The next few feet are straightforward: good, positive holds, clean dry rock, but I’m conscious that I’m now on Pinnacle Ridge itself, which is graded Diff. And after 20 feet or so of easy rock I’m up against another impasse. Looking back into the gully I can see where I might – might – manage to work my way back in, but it’s still below a mossy groove which is a lot steeper than it looked from below. Some easy-looking steps on the other side of the gully, but no way of getting to them that I can see. And no way up the ridge either. I can see the holds I’d need to use and, quite frankly, don’t like a single one of them. Different if I was on a rope, if I could wedge some protection in and make the mossy moves with a little security, but a quick glance to the void on the right gives me a sudden image of a short, scraping slide and maybe one bounce before I hit the scree slope a hundred feet below, rag-dolling down the slope who knows how much further, for, soft and limp as a new-made corpse is, it will not stop on first impact on these jagged slopes and there will be further breaking and ripping before it lies where a dispirited rescue team will eventually find it.
It was a brief but incredibly vivid image and I decided that I’d pushed my luck here far enough.
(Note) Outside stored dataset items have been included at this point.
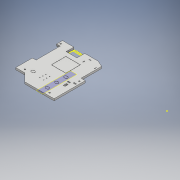
# Autodesk Inventor part: Circuit_handmainboard
Saved by Autodesk Inventor 2018.2 (Build 222227000, 227)
## iProperties
Created: 2018-02-16
Part Number: Circuit_handmainboard
Material: 一般
Document SubType Name: Modeling
Designer: sktom
Density: 1 g/cm^3
Appearance: 既定
Author: sktom
Autodesk Inventor part; units mm, degrees
ref_plane "YZ Plane" through (0, 0, 0) normal (1, 0, 0) x (0, 1, 0)
ref_plane "XZ Plane" through (0, 0, 0) normal (0, 1, 0) x (-1, 0, 0)
ref_plane "XY Plane" through (0, 0, 0) normal (0, 0, 1) x (1, 0, 0)
ref_plane "作業平面1" through (-67.9371, -16.7147, 8.5971) normal (0, 0, -1) x (1, 0, 0)
sketch "スケッチ1" plane through (-67.9371, -16.7147, 8.5971) normal (0, 0, -1) x (1, 0, 0)
  line L0 (13.1301, 23.5542) -> (-11.3844, 23.5542)
  line L1 (-11.3844, 23.5542) -> (-17.9394, 16.9992)
  line L2 (-17.9394, 16.9992) -> (-25.6445, 16.9992)
  line L3 (-25.6445, 16.9992) -> (-25.6445, 2.9992)
  line L4 (-25.6445, 2.9992) -> (-22.5935, 2.9992)
  line L5 (-22.5935, 2.9992) -> (-22.5935, -17.3653)
  line L6 (-22.5935, -17.3653) -> (-25.6833, -17.3653)
  line L7 (-25.6833, -17.3653) -> (-25.6833, -22.3653)
  line L8 (-25.6833, -22.3653) -> (4.3167, -22.3653)
  line L9 (9.5791, -2.734) -> (13.1301, -2.734)
  line L10 (13.1301, -2.734) -> (13.1301, 23.5542)
  line L11 (-25.6445, 19.5692) -> (-19.0435, 19.5692) construction
  line L12 (-25.6445, 19.5692) -> (-25.6445, 17.4992) construction
  line L13 (-25.6445, 17.4992) -> (-18.1465, 17.4992) construction
  line L14 (-18.1465, 17.4992) -> (-11.5915, 24.0542) construction
  line L15 (-11.5915, 24.0542) -> (8.4875, 24.0542) construction
  line L16 (8.4875, 24.0542) -> (8.4875, 26.1242) construction
  line L17 (8.4875, 26.1242) -> (-12.4885, 26.1242) construction
  line L18 (-12.4885, 26.1242) -> (-19.0435, 19.5692) construction
  line L19 (12.2825, 24.0542) -> (14.4905, 24.0542) construction
  line L20 (12.2825, 26.1242) -> (12.2825, 24.0542) construction
  line L21 (12.2825, 24.0542) -> (14.4905, 24.0542) construction
  line L22 (14.4905, 25.4342) -> (14.4905, 24.0542) construction
  line L23 (14.4905, 25.4342) -> (14.4905, 26.1242) construction
  line L24 (14.4905, 26.1242) -> (12.2825, 26.1242) construction
  arc A0 (18.044, 32.4032) -> (16.25, 34.1972) centre (16.25, 32.4032) ccw construction
  line L25 (14.4905, 34.1972) -> (16.25, 34.1972) construction
  line L26 (14.4905, 22.1222) -> (14.4905, 34.1972) construction
  line L27 (14.4905, 22.1222) -> (16.6625, 22.1222) construction
  spline S0 degree 3 poles (16.6625, 22.1222) (16.6025, 24.0843) (16.7566, 25.754) (17.2827, 28.3804) (17.6102, 29.4664) (18.044, 30.5621) knots 0 0 0 0 0.588904 0.588904 1.048143 1.048143 1.048143 1.048143 construction
  line L28 (18.044, 30.5621) -> (18.044, 32.4032) construction
  circle A1 centre (16.25, 32.4032) radius 0.759 construction
  circle A2 centre (6.83, 21.0542) radius 0.55 construction
  circle A3 centre (6.83, 21.0542) radius 1.25 construction
  circle A4 centre (-20.44, 14.4992) radius 1.25 construction
  line L29 (-26.4335, 26.3431) -> (-29.1935, 26.3431) construction
  line L30 (-29.1935, -10.9394) -> (-29.1935, 26.3431) construction
  line L31 (-26.4335, -10.9394) -> (-29.1935, -10.9394) construction
  line L32 (-26.4335, 26.3431) -> (-26.4335, -10.9394) construction
  line L33 (-24.0935, -8.7226) -> (-24.0935, -12.2226) construction
  circle A5 centre (-24.1833, -19.3653) radius 0.55 construction
  circle A6 centre (-24.1833, -19.3653) radius 1.25 construction
  line L34 (9.1301, -21.8653) -> (-26.1833, -21.8653) construction
  line L35 (-26.1833, -21.8653) -> (-26.1833, -22.2455) construction
  spline S1 degree 3 poles (-26.1833, -22.2455) (-26.0411, -22.8107) (-25.8944, -23.3732) (-25.7431, -23.9353) knots 0 0 0 0 1 1 1 1 construction
  line L36 (8.4752, -23.9353) -> (-25.7431, -23.9353) construction
  spline S2 degree 3 poles (8.4752, -23.9353) (8.5807, -23.5922) (8.6886, -23.2482) (8.9069, -22.5597) (9.0189, -22.2107) (9.1301, -21.8653) knots 0 0 0 0 0.496471 0.496471 1 1 1 1 construction
  circle A7 centre (11.1301, 0.266) radius 0.55 construction
  circle A8 centre (11.1301, 0.266) radius 1.25 construction
  line L37 (11.489, 24.0542) -> (11.489, 1.4634) construction
  line L38 (-1.4209, -20.0276) -> (-1.4166, -12.0276) construction
  line L39 (-1.4209, -20.0276) -> (9.5791, -20.0335) construction
  line L40 (9.5834, -12.0335) -> (9.5791, -20.0335) construction
  line L41 (-1.4166, -12.0276) -> (9.5834, -12.0335) construction
  line L42 (8.8105, 9.9742) -> (7.3105, 9.9742) construction
  line L43 (7.3105, 9.9742) -> (7.3105, 7.2742) construction
  line L44 (7.3105, 7.2742) -> (8.8105, 7.2742) construction
  line L45 (8.8105, 7.2742) -> (8.8105, 9.9742) construction
  line L46 (19.5605, 12.1242) -> (6.5605, 12.1242) construction
  line L47 (19.5605, 12.1242) -> (19.5605, 3.1242) construction
  line L48 (19.5605, 3.1242) -> (6.5605, 3.1242) construction
  line L49 (6.5605, 4.8242) -> (6.5605, 3.1242) construction
  line L50 (6.5605, 4.8242) -> (8.2605, 4.8242) construction
  line L51 (8.2605, 4.8242) -> (8.2605, 5.6242) construction
  line L52 (8.2605, 5.6242) -> (6.5605, 5.6242) construction
  line L53 (6.5605, 12.1242) -> (6.5605, 5.6242) construction
  line L54 (11.7605, 4.1242) -> (9.7605, 4.1242) construction
  line L55 (9.7605, 4.1242) -> (9.7605, 3.3242) construction
  line L56 (9.7605, 3.3242) -> (11.7605, 3.3242) construction
  line L57 (11.7605, 3.3242) -> (11.7605, 4.1242) construction
  circle A9 centre (14.5605, 10.1242) radius 0.75 construction
  circle A10 centre (14.5605, 5.1242) radius 0.75 construction
  line L58 (9.5791, -20.0335) -> (4.3167, -22.3653)
  line L59 (9.5791, -20.0335) -> (9.5791, -2.734)
  circle A11 centre (6.83, 21.0542) radius 0.55
  circle A12 centre (-20.44, 14.4992) radius 0.55
  circle A13 centre (11.1301, 0.266) radius 0.55
  circle A14 centre (-24.1833, -19.3653) radius 0.55
  point P0 (67.9371, -16.7147)
  point P1 (9.6055, 25.0467)
  dimension "d0" = 0.5
  dimension "d2" = 0.5
  dimension "d3" = 0.5
  dimension "d4" = 14
  dimension "d5" = 1.5
  dimension "d6" = 2
  dimension "d8" = 0.5
  dimension "d9" = 5
  dimension "d10" = 30
  dimension "d11" = 3
  dimension "d12" = 2
  constraints: 26 end point, 5 perpendicular, 4 centre point, 4 coincident, 4 equal radius, 3 vertical, 2 horizontal, 2 parallel, 1 vertical alignment, 2 other
  measures "d0" distance between parallel lines of L15 L0
  measures "d2" distance between parallel lines of L13 L2
  measures "d3" distance between parallel lines of L14 L1
  measures "d4" distance of L2.end L3.end
  measures "d5" distance between parallel lines of L5 L33
  measures "d6" distance from line of A5.centre L6
  measures "d8" distance between parallel lines of L7 L35
  measures "d9" distance of L6.end L7.end
  measures "d10" distance of L7.end L8.end
  measures "d11" distance from line of A7.centre L9
  measures "d12" distance from line of L10 A7.centre
extrude "押し出し1" add sketch "スケッチ1" along normal blind 1.6
sketch "スケッチ2" plane through (-67.9371, -16.7147, 8.5971) normal (0, 0, 1) x (1, 0, 0)
  line L0 (0.8793, 19.6788) -> (0.8791, 19.9788) projected
  line L1 (0.8791, 19.9788) -> (-0.7209, 19.978) projected
  line L2 (-0.7209, 19.978) -> (-0.7207, 19.678) projected
  line L3 (-0.7207, 19.678) -> (0.8793, 19.6788) projected
  line L4 (-1.5692, 16.8275) -> (-1.5683, 15.2275) projected
  line L5 (-1.5683, 15.2275) -> (-1.2683, 15.2277) projected
  line L6 (-1.2683, 15.2277) -> (-1.2692, 16.8277) projected
  line L7 (-1.2692, 16.8277) -> (-1.5692, 16.8275) projected
  line L8 (8.4317, 15.2329) -> (8.4308, 16.8329) projected
  line L9 (8.4308, 16.8329) -> (8.1308, 16.8327) projected
  line L10 (8.1308, 16.8327) -> (8.1317, 15.2327) projected
  line L11 (8.1317, 15.2327) -> (8.4317, 15.2329) projected
  line L12 (8.8105, -9.9742) -> (8.8105, -7.2742) projected
  line L13 (8.8105, -7.2742) -> (7.3105, -7.2742) projected
  line L14 (7.3105, -7.2742) -> (7.3105, -9.9742) projected
  line L15 (7.3105, -9.9742) -> (8.8105, -9.9742) projected
  line L16 (8.2605, -5.6242) -> (8.2605, -4.8242) projected
  line L17 (8.2605, -4.8242) -> (6.2605, -4.8242) projected
  line L18 (6.2605, -4.8242) -> (6.2605, -5.6242) projected
  line L19 (6.2605, -5.6242) -> (8.2605, -5.6242) projected
  line L20 (11.7605, -4.1242) -> (11.7605, -3.3242) projected
  line L21 (11.7605, -3.3242) -> (9.7605, -3.3242) projected
  line L22 (9.7605, -3.3242) -> (9.7605, -4.1242) projected
  line L23 (9.7605, -4.1242) -> (11.7605, -4.1242) projected
  line L24 (1.9385, -11.6679) -> (2.7385, -11.6675) projected
  arc A0 (2.7385, -11.6675) -> (2.7373, -9.4675) centre (2.7379, -10.5675) ccw projected
  line L25 (2.7373, -9.4675) -> (1.9373, -9.4679) projected
  arc A1 (1.9373, -9.4679) -> (1.9385, -11.6679) centre (1.9379, -10.5679) ccw projected
  line L26 (4.4375, -9.8666) -> (4.4371, -9.1666) projected
  line L27 (4.4375, -9.8666) -> (4.6375, -9.8665) projected
  line L28 (4.6375, -9.8665) -> (4.6371, -9.1665) projected
  line L29 (4.6371, -9.1665) -> (4.4371, -9.1666) projected
  line L30 (4.4386, -11.9666) -> (4.4382, -11.2666) projected
  line L31 (4.6386, -11.9665) -> (4.4386, -11.9666) projected
  line L32 (4.6382, -11.2665) -> (4.6386, -11.9665) projected
  line L33 (4.4382, -11.2666) -> (4.6382, -11.2665) projected
  line L34 (0.2382, -11.2689) -> (0.2386, -11.9689) projected
  line L35 (0.2382, -11.2689) -> (0.0382, -11.269) projected
  line L36 (0.0382, -11.269) -> (0.0386, -11.969) projected
  line L37 (0.0386, -11.969) -> (0.2386, -11.9689) projected
  line L38 (0.2371, -9.1689) -> (0.2375, -9.8689) projected
  line L39 (0.0371, -9.169) -> (0.2371, -9.1689) projected
  line L40 (0.0375, -9.869) -> (0.0371, -9.169) projected
  line L41 (0.2375, -9.8689) -> (0.0375, -9.869) projected
  line L42 (1.9343, -3.8679) -> (2.7343, -3.8675) projected
  arc A2 (2.7343, -3.8675) -> (2.7331, -1.6675) centre (2.7337, -2.7675) ccw projected
  line L43 (2.7331, -1.6675) -> (1.9331, -1.6679) projected
  arc A3 (1.9331, -1.6679) -> (1.9343, -3.8679) centre (1.9337, -2.7679) ccw projected
  line L44 (0.2329, -1.3689) -> (0.2333, -2.0689) projected
  line L45 (0.0329, -1.369) -> (0.2329, -1.3689) projected
  line L46 (0.0333, -2.069) -> (0.0329, -1.369) projected
  line L47 (0.2333, -2.0689) -> (0.0333, -2.069) projected
  line L48 (0.234, -3.4689) -> (0.2344, -4.1689) projected
  line L49 (0.234, -3.4689) -> (0.034, -3.469) projected
  line L50 (0.034, -3.469) -> (0.0344, -4.169) projected
  line L51 (0.0344, -4.169) -> (0.2344, -4.1689) projected
  line L52 (4.4333, -2.0666) -> (4.4329, -1.3666) projected
  line L53 (4.4333, -2.0666) -> (4.6333, -2.0665) projected
  line L54 (4.6333, -2.0665) -> (4.6329, -1.3665) projected
  line L55 (4.6329, -1.3665) -> (4.4329, -1.3666) projected
  line L56 (4.4344, -4.1666) -> (4.434, -3.4666) projected
  line L57 (4.6344, -4.1665) -> (4.4344, -4.1666) projected
  line L58 (4.634, -3.4665) -> (4.6344, -4.1665) projected
  line L59 (4.434, -3.4666) -> (4.634, -3.4665) projected
  line L60 (1.9427, -19.4679) -> (2.7427, -19.4675) projected
  arc A4 (2.7427, -19.4675) -> (2.7415, -17.2675) centre (2.7421, -18.3675) ccw projected
  line L61 (2.7415, -17.2675) -> (1.9415, -17.2679) projected
  arc A5 (1.9415, -17.2679) -> (1.9427, -19.4679) centre (1.9421, -18.3679) ccw projected
  line L62 (4.4417, -17.6666) -> (4.4413, -16.9666) projected
  line L63 (4.4417, -17.6666) -> (4.6417, -17.6665) projected
  line L64 (4.6417, -17.6665) -> (4.6413, -16.9665) projected
  line L65 (4.6413, -16.9665) -> (4.4413, -16.9666) projected
  line L66 (4.4428, -19.7666) -> (4.4424, -19.0666) projected
  line L67 (4.6428, -19.7665) -> (4.4428, -19.7666) projected
  line L68 (4.6424, -19.0665) -> (4.6428, -19.7665) projected
  line L69 (4.4424, -19.0666) -> (4.6424, -19.0665) projected
  line L70 (0.2413, -16.9689) -> (0.2417, -17.6689) projected
  line L71 (0.0413, -16.969) -> (0.2413, -16.9689) projected
  line L72 (0.0417, -17.669) -> (0.0413, -16.969) projected
  line L73 (0.2417, -17.6689) -> (0.0417, -17.669) projected
  line L74 (0.0424, -19.069) -> (0.0428, -19.769) projected
  line L75 (-8.248, -15.9785) -> (-4.748, -15.9766) projected
  line L76 (-8.2489, -14.4285) -> (-8.248, -15.9785) projected
  line L77 (-8.2526, -7.4785) -> (-8.2518, -9.0285) projected
  line L78 (-4.7526, -7.4766) -> (-8.2526, -7.4785) projected
  line L79 (-17.6713, -14.064) -> (-13.4713, -14.0617) projected
  line L80 (-13.4713, -14.0617) -> (-13.473, -10.8617) projected
  line L81 (-13.473, -10.8617) -> (-17.673, -10.864) projected
  line L82 (-17.673, -10.864) -> (-17.6713, -14.064) projected
  line L83 (-13.5213, -14.0117) -> (-14.3713, -14.0122) projected
  line L84 (-14.3713, -14.0122) -> (-13.5217, -13.1617) projected
  line L85 (-13.5217, -13.1617) -> (-13.5213, -14.0117) projected
  line L86 (-16.7713, -14.0135) -> (-17.6213, -14.0139) projected
  line L87 (-17.6213, -14.0139) -> (-17.6217, -13.1639) projected
  line L88 (-17.6217, -13.1639) -> (-16.7713, -14.0135) projected
  line L89 (-14.3729, -10.9122) -> (-13.523, -10.9117) projected
  line L90 (-13.523, -10.9117) -> (-13.5225, -11.7617) projected
  line L91 (-13.5225, -11.7617) -> (-14.3729, -10.9122) projected
  line L92 (-17.6229, -10.9139) -> (-16.7729, -10.9135) projected
  line L93 (-16.7729, -10.9135) -> (-17.6225, -11.7639) projected
  line L94 (-17.6225, -11.7639) -> (-17.6229, -10.9139) projected
  arc A6 (-15.9727, -11.363) -> (-15.9715, -13.563) centre (-15.9721, -12.463) ccw projected
  line L95 (-15.9727, -11.363) -> (-15.1727, -11.3626) projected
  arc A7 (-15.1715, -13.5626) -> (-15.1727, -11.3626) centre (-15.1721, -12.4626) ccw projected
  line L96 (-15.1715, -13.5626) -> (-15.9715, -13.563) projected
  line L97 (-1.5207, 1.0375) -> (-1.5262, 11.2275) projected
  line L98 (-11.7107, 1.032) -> (-1.5207, 1.0375) projected
  line L99 (-11.7162, 11.222) -> (-11.7107, 1.032) projected
  line L100 (-1.5262, 11.2275) -> (-11.7162, 11.222) projected
  line L101 (-0.5201, 0.0381) -> (-12.7101, 0.0315) projected
  line L102 (-0.5267, 12.2281) -> (-0.5201, 0.0381) projected
  line L103 (-12.7167, 12.2215) -> (-0.5267, 12.2281) projected
  line L104 (-12.7101, 0.0315) -> (-12.7167, 12.2215) projected
  point P0 (67.9371, 16.7147)
sketch "スケッチ3" plane through (-67.9371, -16.7147, 6.9971) normal (0, 0, -1) x (-1, 0, 0)
  line L0 (19.1277, -4.5638) -> (3.8877, -4.5555) projected
  line L1 (19.1414, 20.8362) -> (19.1277, -4.5638) projected
  line L2 (3.9014, 20.8445) -> (19.1414, 20.8362) projected
  line L3 (3.8877, -4.5555) -> (3.9014, 20.8445) projected
  circle A0 centre (8.9697, -0.7483) radius 0.51 projected
  circle A1 centre (11.5097, -0.7497) radius 0.51 projected
  circle A2 centre (14.0497, -0.751) radius 0.51 projected
  circle A3 centre (5.1597, -0.7462) radius 0.51 projected
  circle A4 centre (5.1625, 4.3338) radius 0.51 projected
  circle A5 centre (5.1652, 9.4138) radius 0.51 projected
  circle A6 centre (5.1679, 14.4938) radius 0.51 projected
  circle A7 centre (5.1707, 19.5738) radius 0.51 projected
  circle A8 centre (17.8597, -0.7531) radius 0.51 projected
  circle A9 centre (17.8625, 4.3269) radius 0.51 projected
  circle A10 centre (17.8652, 9.4069) radius 0.51 projected
  circle A11 centre (17.8679, 14.4869) radius 0.51 projected
  circle A12 centre (17.8707, 19.5669) radius 0.51 projected
  circle A13 centre (17.8693, 17.0269) radius 0.51 projected
  circle A14 centre (17.8666, 11.9469) radius 0.51 projected
  circle A15 centre (17.8638, 6.8669) radius 0.51 projected
  circle A16 centre (17.8611, 1.7869) radius 0.51 projected
  circle A17 centre (17.8584, -3.2931) radius 0.51 projected
  circle A18 centre (5.1693, 17.0338) radius 0.51 projected
  circle A19 centre (5.1666, 11.9538) radius 0.51 projected
  circle A20 centre (5.1638, 6.8738) radius 0.51 projected
  circle A21 centre (5.1611, 1.7938) radius 0.51 projected
  circle A22 centre (5.1584, -3.2862) radius 0.51 projected
  circle A23 centre (14.0484, -3.291) radius 0.51 projected
  circle A24 centre (11.5084, -3.2897) radius 0.51 projected
  circle A25 centre (8.9684, -3.2883) radius 0.51 projected
  line L4 (20.6136, 6.3654) -> (20.6141, 7.3654) projected
  line L5 (20.6141, 7.3654) -> (19.1141, 7.3662) projected
  line L6 (19.1136, 6.3662) -> (19.1141, 7.3662) projected
  line L7 (19.1136, 6.3662) -> (20.6136, 6.3654) projected
  line L8 (20.6163, 11.4454) -> (20.6168, 12.4454) projected
  line L9 (20.6168, 12.4454) -> (19.1168, 12.4462) projected
  line L10 (19.1163, 11.4462) -> (19.1168, 12.4462) projected
  line L11 (19.1163, 11.4462) -> (20.6163, 11.4454) projected
  line L12 (20.619, 16.5254) -> (20.6196, 17.5254) projected
  line L13 (20.6196, 17.5254) -> (19.1196, 17.5262) projected
  line L14 (19.119, 16.5262) -> (19.1196, 17.5262) projected
  line L15 (19.119, 16.5262) -> (20.619, 16.5254) projected
  line L16 (19.1108, 1.2863) -> (20.6108, 1.2854) projected
  line L17 (20.6108, 1.2854) -> (20.6114, 2.2854) projected
  line L18 (20.6114, 2.2854) -> (19.1114, 2.2862) projected
  line L19 (19.1108, 1.2863) -> (19.1114, 2.2862) projected
  line L20 (19.1108, 1.2863) -> (20.6108, 1.2854) projected
  line L21 (20.6081, -3.7946) -> (20.6086, -2.7946) projected
  line L22 (20.6086, -2.7946) -> (19.1086, -2.7937) projected
  line L23 (19.1081, -3.7937) -> (19.1086, -2.7937) projected
  line L24 (19.1081, -3.7937) -> (20.6081, -3.7946) projected
  line L25 (2.4095, -1.2447) -> (2.41, -0.2447) projected
  line L26 (3.9095, -1.2456) -> (2.4095, -1.2447) projected
  line L27 (3.91, -0.2456) -> (3.9095, -1.2456) projected
  line L28 (2.41, -0.2447) -> (3.91, -0.2456) projected
  line L29 (2.4122, 3.8353) -> (2.4127, 4.8353) projected
  line L30 (3.9122, 3.8344) -> (2.4122, 3.8353) projected
  line L31 (3.9127, 4.8344) -> (3.9122, 3.8344) projected
  line L32 (2.4127, 4.8353) -> (3.9127, 4.8344) projected
  line L33 (2.4149, 8.9153) -> (2.4155, 9.9153) projected
  line L34 (3.9149, 8.9144) -> (2.4149, 8.9153) projected
  line L35 (3.9155, 9.9144) -> (3.9149, 8.9144) projected
  line L36 (2.4155, 9.9153) -> (3.9155, 9.9144) projected
  line L37 (2.4177, 13.9953) -> (2.4182, 14.9953) projected
  line L38 (3.9177, 13.9944) -> (2.4177, 13.9953) projected
  line L39 (3.9182, 14.9944) -> (3.9177, 13.9944) projected
  line L40 (2.4182, 14.9953) -> (3.9182, 14.9944) projected
  line L41 (2.4204, 19.0752) -> (2.4209, 20.0752) projected
  line L42 (3.9204, 19.0744) -> (2.4204, 19.0752) projected
  line L43 (3.9209, 20.0744) -> (3.9204, 19.0744) projected
  line L44 (2.4209, 20.0752) -> (3.9209, 20.0744) projected
  circle A26 centre (8.1017, -9.2284) radius 0.25 projected
  circle A27 centre (8.1003, -11.7284) radius 0.25 projected
  circle A28 centre (8.099, -14.2284) radius 0.25 projected
  circle A29 centre (4.899, -14.2266) radius 0.25 projected
  circle A30 centre (4.9003, -11.7266) radius 0.25 projected
  circle A31 centre (4.9017, -9.2266) radius 0.25 projected
  line L45 (-7.3839, 11.0323) -> (-6.0839, 11.0316) projected
  line L46 (-7.3839, 11.0323) -> (-7.3854, 8.2323) projected
  line L47 (-7.3854, 8.2323) -> (-6.0854, 8.2316) projected
  line L48 (-6.0839, 11.0316) -> (-6.0854, 8.2316) projected
  line L49 (-0.1839, 11.0284) -> (1.1161, 11.0277) projected
  line L50 (-0.1839, 11.0284) -> (-0.1854, 8.2284) projected
  line L51 (-0.1854, 8.2284) -> (1.1146, 8.2277) projected
  line L52 (1.1161, 11.0277) -> (1.1146, 8.2277) projected
  line L53 (-1.7259, 7.4263) -> (-1.7261, 6.9293) projected
  line L54 (-1.7259, 7.4263) -> (-2.0459, 7.4264) projected
  line L55 (-2.0459, 7.4264) -> (-2.0461, 6.9294) projected
  line L56 (-1.7261, 6.9293) -> (-2.0461, 6.9294) projected
  line L57 (-2.9759, 7.4269) -> (-2.9761, 6.9299) projected
  line L58 (-2.9759, 7.4269) -> (-3.2959, 7.4271) projected
  line L59 (-3.2959, 7.4271) -> (-3.2961, 6.9301) projected
  line L60 (-2.9761, 6.9299) -> (-3.2961, 6.9301) projected
  line L61 (-4.2259, 7.4276) -> (-4.2261, 6.9306) projected
  line L62 (-4.2259, 7.4276) -> (-4.5459, 7.4278) projected
  line L63 (-4.5459, 7.4278) -> (-4.5461, 6.9308) projected
  line L64 (-4.2261, 6.9306) -> (-4.5461, 6.9308) projected
  line L65 (-0.1867, 5.8284) -> (1.1133, 5.8277) projected
  line L66 (-0.1867, 5.8284) -> (-0.1882, 3.0284) projected
  line L67 (-0.1882, 3.0284) -> (1.1118, 3.0277) projected
  line L68 (1.1133, 5.8277) -> (1.1118, 3.0277) projected
  line L69 (-7.3867, 5.8323) -> (-6.0867, 5.8316) projected
  line L70 (-7.3867, 5.8323) -> (-7.3882, 3.0323) projected
  line L71 (-7.3882, 3.0323) -> (-6.0882, 3.0316) projected
  line L72 (-6.0867, 5.8316) -> (-6.0882, 3.0316) projected
  line L73 (-4.2287, 2.2276) -> (-4.2289, 1.7306) projected
  line L74 (-4.2287, 2.2276) -> (-4.5487, 2.2278) projected
  line L75 (-4.5487, 2.2278) -> (-4.5489, 1.7308) projected
  line L76 (-4.2289, 1.7306) -> (-4.5489, 1.7308) projected
  line L77 (-2.9787, 2.2269) -> (-2.9789, 1.7299) projected
  line L78 (-2.9787, 2.2269) -> (-3.2987, 2.2271) projected
  line L79 (-3.2987, 2.2271) -> (-3.2989, 1.7301) projected
  line L80 (-2.9789, 1.7299) -> (-3.2989, 1.7301) projected
  line L81 (-1.7287, 2.2263) -> (-1.7289, 1.7293) projected
  line L82 (-1.7287, 2.2263) -> (-2.0487, 2.2264) projected
  line L83 (-2.0487, 2.2264) -> (-2.0489, 1.7294) projected
  line L84 (-1.7289, 1.7293) -> (-2.0489, 1.7294) projected
  line L85 (25.465, -4.935) -> (25.4643, -6.235) projected
  line L86 (25.465, -4.935) -> (22.665, -4.9335) projected
  line L87 (22.665, -4.9335) -> (22.6643, -6.2335) projected
  line L88 (25.4643, -6.235) -> (22.6643, -6.2335) projected
  line L89 (21.8603, -8.093) -> (21.3633, -8.0928) projected
  line L90 (21.8603, -8.093) -> (21.8604, -7.773) projected
  line L91 (21.8604, -7.773) -> (21.3634, -7.7728) projected
  line L92 (21.3633, -8.0928) -> (21.3634, -7.7728) projected
  line L93 (21.8596, -9.343) -> (21.3626, -9.3428) projected
  line L94 (21.8596, -9.343) -> (21.8598, -9.023) projected
  line L95 (21.8598, -9.023) -> (21.3628, -9.0228) projected
  line L96 (21.3626, -9.3428) -> (21.3628, -9.0228) projected
  line L97 (21.8589, -10.593) -> (21.3619, -10.5928) projected
  line L98 (21.8589, -10.593) -> (21.8591, -10.273) projected
  line L99 (21.8591, -10.273) -> (21.3621, -10.2728) projected
  line L100 (21.3619, -10.5928) -> (21.3621, -10.2728) projected
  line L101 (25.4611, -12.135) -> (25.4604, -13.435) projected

The technical difficulty wasn’t out of order, but the loose rocks, the mossy, gritty holds and the gravelly slopes all combined to make an accident not so much a possibility and more a probability.
It left, of course, the problem of getting back down.
The first few feet down the ridge were easy enough but reversing the traverse I made out of the gully was going to be desperate. Stepping up on a moving hold was one thing but stepping down onto it wasn’t so funny, especially when I had much smaller holds to aim for on the other side. So I continued down the ridge until I spied an easier way across.
And it was easier. Just that one hold, an otherwise perfect breeze-block-sized lump of granite that waited until my foot touched it before cracking out of its socket and tumbling, crashing down the gully and scree below, going much further than was strictly required for dramatic effect and making so much noise I was afraid one of the stick figures silhouetted further round the coire edge would think something was wrong. (As if!)
A moment’s pause and I got my foot onto the space where the block had been. It made for a better hold anyway.
As I moved back into the gully bed I did notice what looked like a much better line of ascent on the left, but it was too late: I’d made the decision to retreat and was sticking to it. Indecisiveness isn’t the best attribute to take to a climb.
A couple of undignified bum-shuffles took me down the original step and I was out onto the scree slope again.
No more faffing about, I headed for the spur between Garbh Choire Mhor and Garbh Choire Daidh and exited steeply but easily onto the plateau.
Of course, the plateau is a huge area. Sir Henry Alexander in his classic first edition of the SMC District Guide to the Cairngorms described the Braeriach plateau as somewhat akin to a desert; I’ve never been in a desert but I kind of know what he means. It’s a great, open, undulating area of ground where one part is much the same as the next. Most people hold to the edge, following the coire rim between Braeriach and Cairn Toul, and you can understand that because of the views into and across the coire, but I like to wander ‘inland’, so to speak, treading on parts of the area I have no reason to be in other than that they’re off the beaten track. Even so, I ended up aiming for a definite point: the Wells of Dee, where the River Dee pours from the earth in several crystal clear springs, quite substantial from its very source. This force is puzzling, for there is so little of the mountain above the wells and the flow remains strong even after a dry summer.

Wells of Dee on Braeriach

One of the main Wells of Dee on the Braeriach plateau

Infant Dee on the Braeriach plateau

The infant Dee, taken from its source looking towards Braeriach

From the Wells it would have been a short trip over the edge to drop back down into Gleann Einich and back to the bike and the ceilidh but there was a problem. For all the years – the decades – I’ve been wandering about the Cairngorms, I’ve never been able to rid myself of the notion that this bit is ‘just round the corner’ from that bit, or that this hill is ‘just next to’ that, always forgetting the distances involved. And that’s how I decided, despite the afternoon wearing on, that, since I was up there already, I’d really be as well just nipping up to the top of Braeriach.

Braeriach summit

The summit of Braeriach

And, once sore feet had trod the many boulders between here and there, it might be as well to go down the ridge between Coire an Lochain and Coire Ruadh, just for a change.
Well don’t. Not in summer at least.
Sure, it’s fine treading the narrow way between two coires but, once you get further down the rocks get covered with heather, somehow without gaining much in the way of soil in between, so you’re trying to pick your way down boulders and leg-breaker holes without the benefit of sight. Believe me: it’s slow, frustrating work.
But finally I was down at the junction of the burns where I’d left the bike. All that was left was a bone-rattling return to Coylumbridge and a high-speed drive to Nethy Bridge for a ceilidh dinner I at last felt able for. Made it with almost an hour in hand too.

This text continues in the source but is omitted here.